◆ **Instructions for the task**
Which lines of the listing hold the string "name"? Copy those lines.

◆ **Provided material**
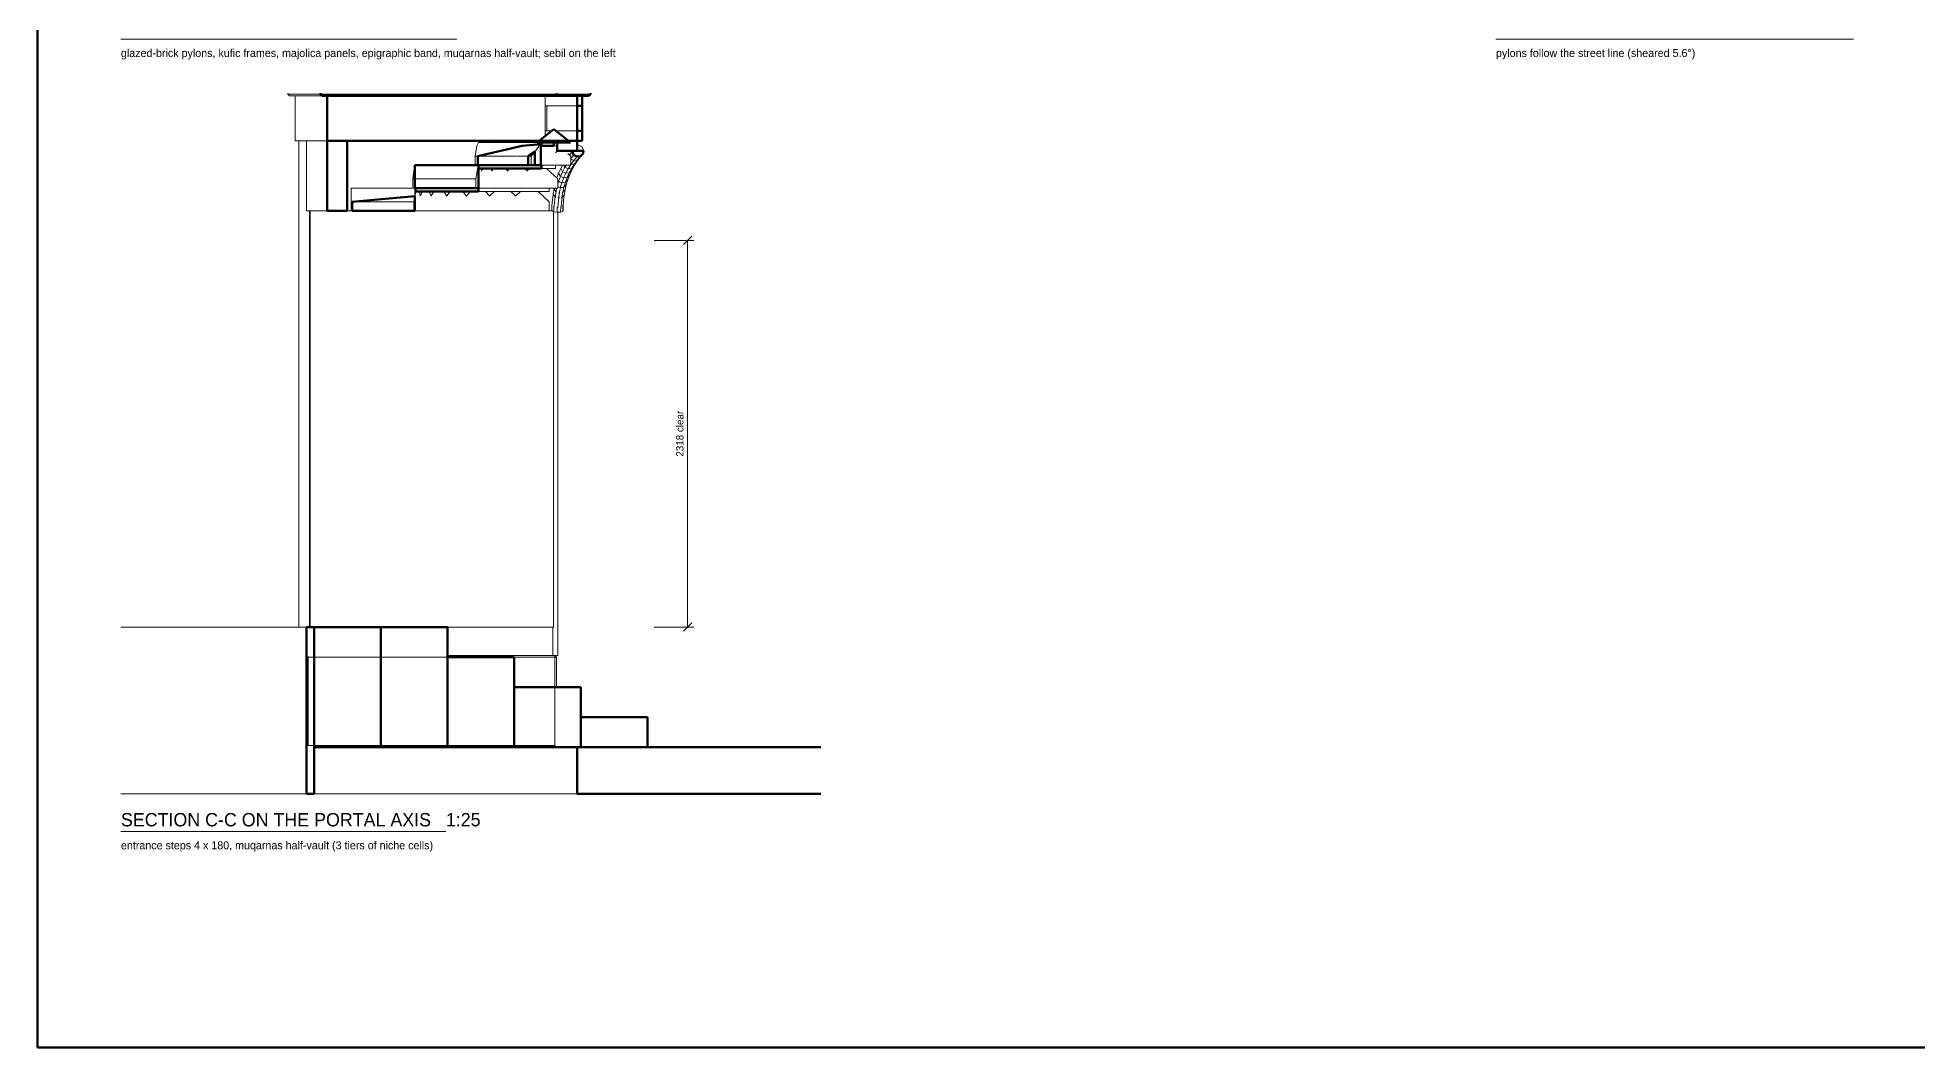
# Model space of a CAD drawing. Header units: metres. Extents: x 10 to 831, y 10 to 584.
# Drawn here: x 10 to 461.1, y 10 to 252.2 of the extents above; entities that cross this region are included whole.
import ezdxf
from ezdxf.enums import TextEntityAlignment as Align

# ---------------------------------------------------------------- set-up
doc = ezdxf.new("R2010")
doc.units = ezdxf.units.M
for name, color, linetype, lineweight in [('CUT', 7, 'Continuous', 50), ('DIM', 1, 'Continuous', 13), ('FRAME', 7, 'Continuous', 50), ('TXT', 7, 'Continuous', 18), ('VIS', 8, 'Continuous', 13)]:
    doc.layers.add(name, color=color, linetype=linetype, lineweight=lineweight)

msp = doc.modelspace()

# ---------------------------------------------------------------- linework, layer by layer
at = {"layer": 'CUT'}
for p, q in [((77.8696, 238.8), (77.8696, 238.6)), ((77.8696, 238.6), (78.2696, 238.2)), ((78.2696, 238.2), (142.2696, 238.2)), ((139.4696, 238.2), (79.4696, 238.2)), ((79.4696, 238.2), (79.4696, 227.4)), ((140.6696, 238.2), (139.4696, 238.2)), ((139.4696, 238.2), (139.4696, 235.8)), ((139.4696, 227.4), (139.4696, 238.2)), ((139.4696, 235.8), (140.6696, 235.8)), ((140.6696, 235.8), (139.4696, 235.8)), ((139.4696, 235.8), (139.4696, 229.8)), ((140.6696, 235.8), (140.6696, 238.2)), ((140.6696, 229.8), (140.6696, 235.8)), ((142.2696, 238.2), (142.6696, 238.6)), ((142.6696, 238.6), (142.6696, 238.8)), ((133.8696, 230.2), (129.8696, 227)), ((137.8696, 227), (133.8696, 230.2)), ((84.2696, 227.4), (79.4696, 227.4)), ((79.4696, 227.4), (79.4696, 210.6)), ((79.4696, 227.4), (139.4696, 227.4)), ((84.2696, 210.6), (84.2696, 227.4)), ((126.2988, 226.18), (115.6456, 223.72)), ((115.6456, 223.72), (126.2988, 226.18)), ((130.7604, 226.6172), (126.2988, 226.18)), ((126.2988, 226.18), (130.7604, 226.6172)), ((129.8696, 227), (133.8696, 227)), ((130.7604, 226.18), (130.7604, 226.6172)), ((130.7604, 226.6172), (130.7604, 226.18)), ((130.7604, 224.0972), (130.7604, 226.18)), ((130.7604, 226.18), (130.7604, 224.0972)), ((130.8936, 226.2), (130.8936, 227)), ((130.8936, 227), (133.8696, 227)), ((133.8696, 226.2), (130.8936, 226.2)), ((133.8696, 227), (133.8696, 226.2)), ((133.8696, 227), (137.8696, 227)), ((134.6696, 227.4), (134.6696, 225)), ((139.4696, 227.4), (134.6696, 227.4)), ((134.6696, 225), (134.6696, 227.4)), ((134.6696, 227.4), (139.4696, 227.4)), ((140.6696, 229.8), (139.4696, 229.8)), ((139.4696, 229.8), (139.4696, 227.4)), ((139.4696, 229.8), (140.6696, 229.8)), ((139.4696, 225), (139.4696, 227.4)), ((139.4696, 227.4), (139.4696, 225)), ((139.4696, 227.4), (140.6696, 227.4)), ((140.6696, 227.4), (140.6696, 229.8)), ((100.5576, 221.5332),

◆ **Task answer**
for name, color, linetype, lineweight in [('CUT', 7, 'Continuous', 50), ('DIM', 1, 'Continuous', 13), ('FRAME', 7, 'Continuous', 50), ('TXT', 7, 'Continuous', 18), ('VIS', 8, 'Continuous', 13)]:
    doc.layers.add(name, color=color, linetype=linetype, lineweight=lineweight)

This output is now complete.